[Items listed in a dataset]
----------------

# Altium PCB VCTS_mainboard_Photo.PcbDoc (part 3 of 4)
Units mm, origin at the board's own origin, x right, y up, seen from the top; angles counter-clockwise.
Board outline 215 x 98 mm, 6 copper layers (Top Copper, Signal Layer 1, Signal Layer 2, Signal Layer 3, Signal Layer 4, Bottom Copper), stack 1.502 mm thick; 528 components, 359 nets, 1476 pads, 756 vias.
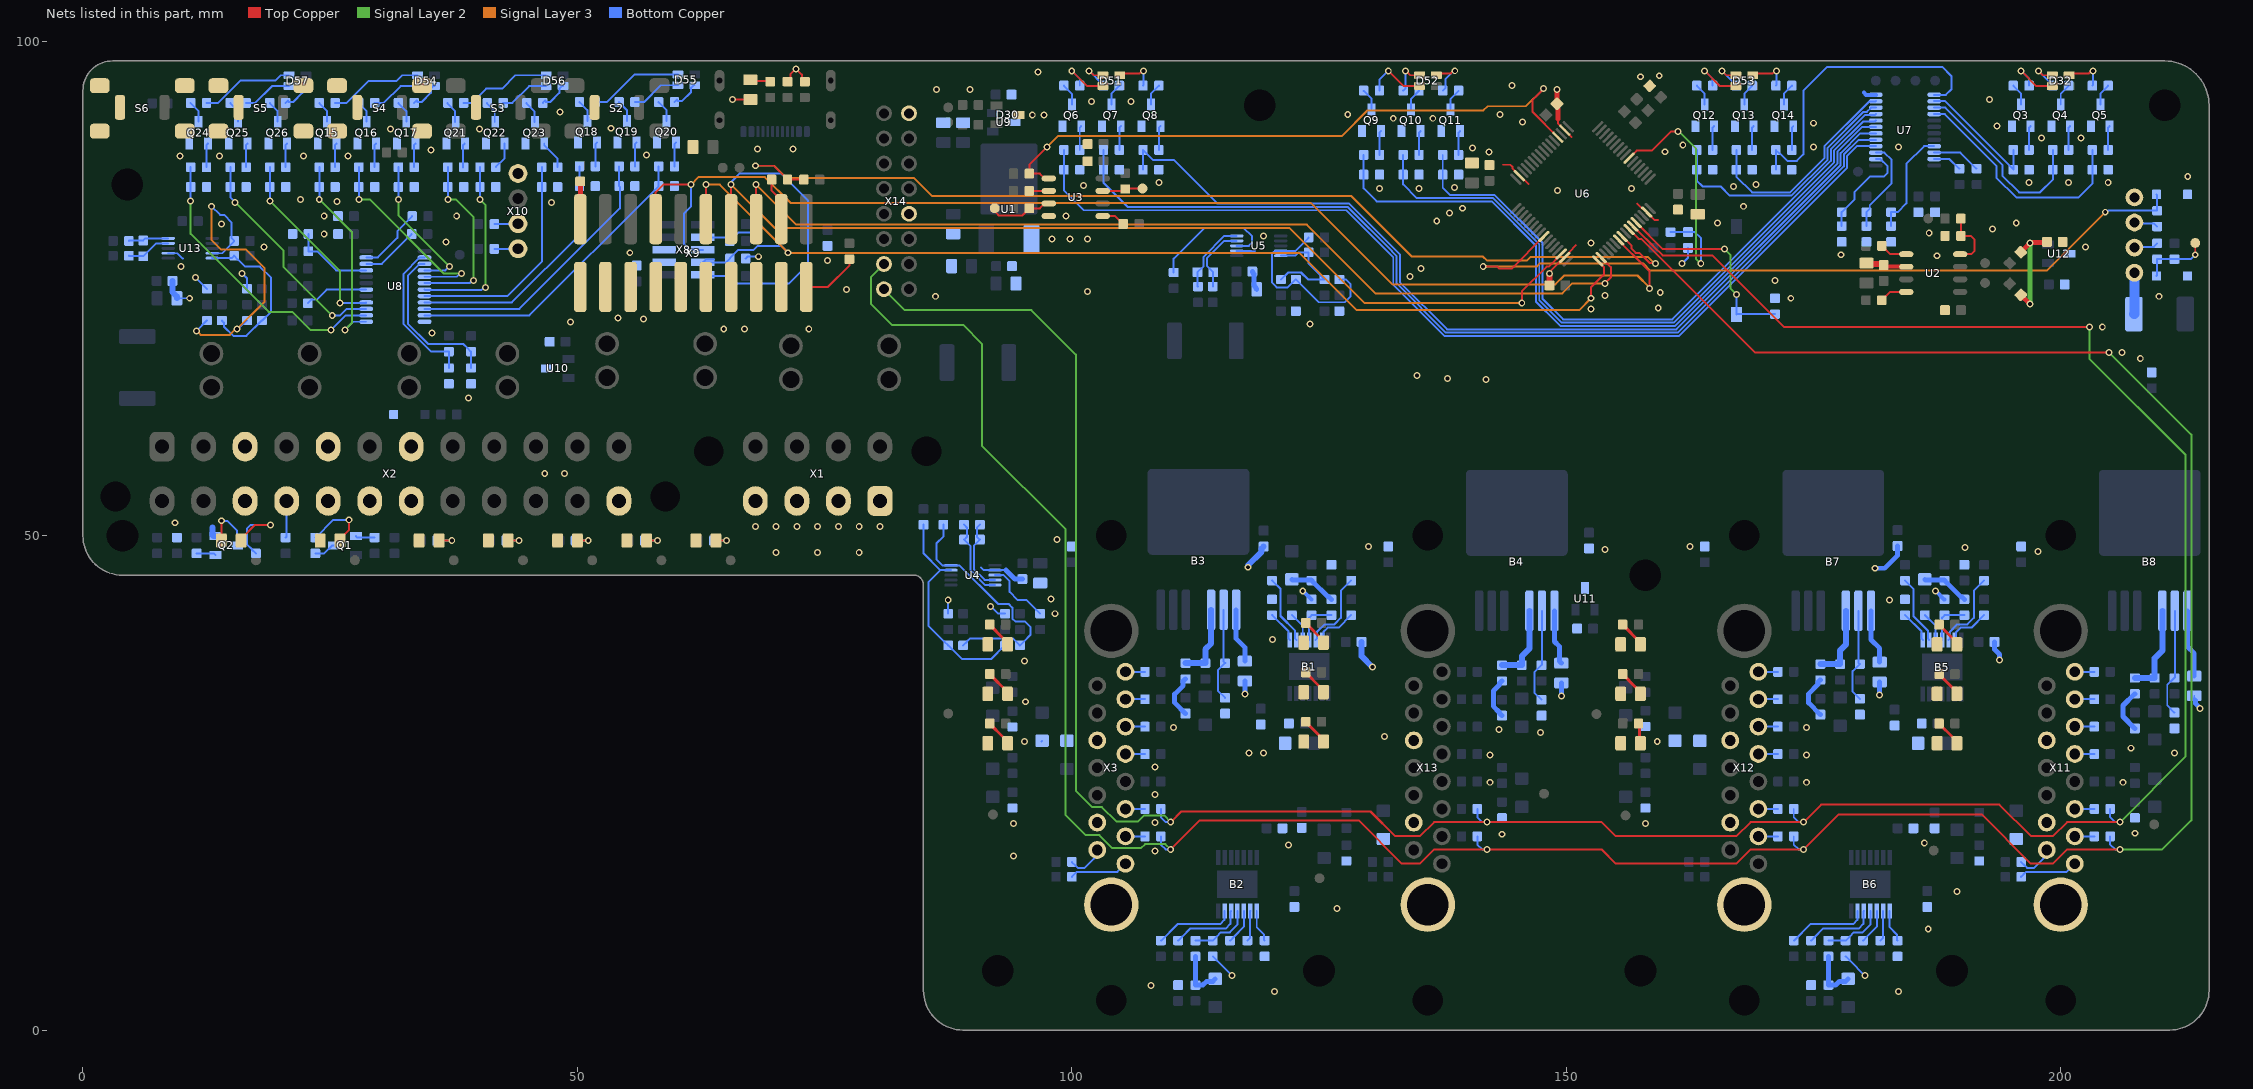
[diagram p7: the nets of this part, all layers, seen from the top]

## Via types
v1: diameter 0.7, hole 0.4, Top Copper to Bottom Copper, tented both sides, 682 vias
v2: diameter 0.7, hole 0.4, Top Copper to Bottom Copper, tented top, 72 vias
v3: diameter 0.56, hole 0.3, Top Copper to Bottom Copper, tented both sides, 2 vias

## Nets (pads, with @x,y where several pads share a name; then routed paths per layer and width w, separated by ;. In a path a pad name is that pad's centre, name@x,y a point inside that pad or via, vN(x,y) a via of type N, cw(c..) or ccw(c..) an arc to the next point about the centre after c; other vN are vias at no path point) (continued)
DGND: C1.1 C2.1 C3.1 C4.1 C5.1 C6.1 C7.1 C8.1 C9.1 C10.2 C11.1 C12.1 C13.1 C14.1 C16.2 C17.1 C18.1 C19.1 C20.2 C21.1 C22.1 C23.1 C24.1 C25.1 C26.1 C27.1 C28.1 C29.1 C30.1 C31.1 C32.1 C33.1 C35.1 C36.1 C37.1 C40.1 C41.1 C42.1 C43.1 C44.1 C45.1 C46.1 C47.1 C48.1 C49.1 C50.1 C51.1 C52.1 C53.1 C54.2 C55.1 C56.1 C57.1 C58.2 C59.1 C60.1 C61.1 C62.1 C63.1 C64.1 C65.1 C66.1 C67.1 C68.1 C69.1 C70.1 C71.1 D2.2 D4.2 D5.2 D6.2 D7.2 D8.2 D9.2 D10.2 D12.2 D14.2 D16.2 D17.2 D18.2 D19.2 D20.2 D21.2 D23.2 D25.2 D29.2 D30.3 D31.2 D34.2 D36.2 D38.2 D39.2 D40.2 D41.2 D42.2 D43.2 D45.2 D47.2 FB1.1 Q2.2 Q3.2 Q4.2 Q5.2 Q6.2 Q7.2 Q8.2 Q9.2 Q10.2 Q11.2 Q12.2 Q13.2 Q14.2 Q15.2 Q16.2 Q17.2 Q18.2 Q19.2 Q20.2 Q21.2 Q22.2 Q23.2 Q24.2 Q25.2 Q26.2 R14.2 R20.2 R42.1 R48.1 R49.2 R50.2 R57.1 R60.2 R67.2 R68.2 R75.1 R78.2 R83.1 R84.1 R85.1 R86.1 R92.1 R98.1 R105.1 R107.1 R125.1 R126.1 R127.1 R129.1 R130.1 R131.1 R132.1 R136.2 R141.1 R143.1 R145.1 R148.1 R173.2 R174.2 R181.1 R184.2 R191.2 R192.2 R199.1 R202.2 R207.1 R208.1 R209.1 R210.1 R216.1 R222.1 R227.1 R229.1 R231.1 R236.1 R238.1 R240.1 R245.1 R247.1 R249.1 R254.1 R256.1 R258.1 R263.1 R265.1 R267.1 R272.1 R274.1 R276.1 R281.1 R283.1 R285.1 S2.2 S3.2 S4.2 S4.TAB S5.2 S5.TAB S6.2 S6.TAB U1.1 U2.2 U3.4 U4.7 U5.7 U6.18 U6.31 U6.47 U6.63 U7.12 U8.12 U9.3 U10.3 U11.3 U12.3 U13.7 X1.1 X1.2 X1.3 X1.4 X2.3 X2.5 X2.7 X2.15 X2.17 X2.18 X2.19 X2.24 X3.3@102.578,29.289 X3.6 X3.A2 X7.1 X8.3 X8.5 X9.04 X9.06 X9.08 X9.10 X9.12 X9.14 X9.16 X9.18 X9.20 X10.1 X11.3@198.578,29.289 X11.6 X11.A2 X12.3@166.578,29.289 X12.6 X12.A2 X13.3@134.578,29.289 X13.6 X13.A2 X14.4 X14.8 | length 94.5
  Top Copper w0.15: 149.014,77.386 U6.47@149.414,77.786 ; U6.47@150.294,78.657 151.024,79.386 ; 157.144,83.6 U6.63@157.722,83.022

----------------

**EXERCISE DIRECTIONS**
Without the pictures, give all the records above again exactly.

**WRITTEN SOLUTION**
# Altium PCB VCTS_mainboard_Photo.PcbDoc (part 3 of 4)
Units mm, origin at the board's own origin, x right, y up, seen from the top; angles counter-clockwise.
Board outline 215 x 98 mm, 6 copper layers (Top Copper, Signal Layer 1, Signal Layer 2, Signal Layer 3, Signal Layer 4, Bottom Copper), stack 1.502 mm thick; 528 components, 359 nets, 1476 pads, 756 vias.
[diagram p7: the nets of this part, all layers, seen from the top]

## Via types
v1: diameter 0.7, hole 0.4, Top Copper to Bottom Copper, tented both sides, 682 vias
v2: diameter 0.7, hole 0.4, Top Copper to Bottom Copper, tented top, 72 vias
v3: diameter 0.56, hole 0.3, Top Copper to Bottom Copper, tented both sides, 2 vias

## Nets (pads, with @x,y where several pads share a name; then routed paths per layer and width w, separated by ;. In a path a pad name is that pad's centre, name@x,y a point inside that pad or via, vN(x,y) a via of type N, cw(c..) or ccw(c..) an arc to the next point about the centre after c; other vN are vias at no path point) (continued)
DGND: C1.1 C2.1 C3.1 C4.1 C5.1 C6.1 C7.1 C8.1 C9.1 C10.2 C11.1 C12.1 C13.1 C14.1 C16.2 C17.1 C18.1 C19.1 C20.2 C21.1 C22.1 C23.1 C24.1 C25.1 C26.1 C27.1 C28.1 C29.1 C30.1 C31.1 C32.1 C33.1 C35.1 C36.1 C37.1 C40.1 C41.1 C42.1 C43.1 C44.1 C45.1 C46.1 C47.1 C48.1 C49.1 C50.1 C51.1 C52.1 C53.1 C54.2 C55.1 C56.1 C57.1 C58.2 C59.1 C60.1 C61.1 C62.1 C63.1 C64.1 C65.1 C66.1 C67.1 C68.1 C69.1 C70.1 C71.1 D2.2 D4.2 D5.2 D6.2 D7.2 D8.2 D9.2 D10.2 D12.2 D14.2 D16.2 D17.2 D18.2 D19.2 D20.2 D21.2 D23.2 D25.2 D29.2 D30.3 D31.2 D34.2 D36.2 D38.2 D39.2 D40.2 D41.2 D42.2 D43.2 D45.2 D47.2 FB1.1 Q2.2 Q3.2 Q4.2 Q5.2 Q6.2 Q7.2 Q8.2 Q9.2 Q10.2 Q11.2 Q12.2 Q13.2 Q14.2 Q15.2 Q16.2 Q17.2 Q18.2 Q19.2 Q20.2 Q21.2 Q22.2 Q23.2 Q24.2 Q25.2 Q26.2 R14.2 R20.2 R42.1 R48.1 R49.2 R50.2 R57.1 R60.2 R67.2 R68.2 R75.1 R78.2 R83.1 R84.1 R85.1 R86.1 R92.1 R98.1 R105.1 R107.1 R125.1 R126.1 R127.1 R129.1 R130.1 R131.1 R132.1 R136.2 R141.1 R143.1 R145.1 R148.1 R173.2 R174.2 R181.1 R184.2 R191.2 R192.2 R199.1 R202.2 R207.1 R208.1 R209.1 R210.1 R216.1 R222.1 R227.1 R229.1 R231.1 R236.1 R238.1 R240.1 R245.1 R247.1 R249.1 R254.1 R256.1 R258.1 R263.1 R265.1 R267.1 R272.1 R274.1 R276.1 R281.1 R283.1 R285.1 S2.2 S3.2 S4.2 S4.TAB S5.2 S5.TAB S6.2 S6.TAB U1.1 U2.2 U3.4 U4.7 U5.7 U6.18 U6.31 U6.47 U6.63 U7.12 U8.12 U9.3 U10.3 U11.3 U12.3 U13.7 X1.1 X1.2 X1.3 X1.4 X2.3 X2.5 X2.7 X2.15 X2.17 X2.18 X2.19 X2.24 X3.3@102.578,29.289 X3.6 X3.A2 X7.1 X8.3 X8.5 X9.04 X9.06 X9.08 X9.10 X9.12 X9.14 X9.16 X9.18 X9.20 X10.1 X11.3@198.578,29.289 X11.6 X11.A2 X12.3@166.578,29.289 X12.6 X12.A2 X13.3@134.578,29.289 X13.6 X13.A2 X14.4 X14.8 | length 94.5
  Top Copper w0.15: 149.014,77.386 U6.47@149.414,77.786 ; U6.47@150.294,78.657 151.024,79.386 ; 157.144,83.6 U6.63@157.722,83.022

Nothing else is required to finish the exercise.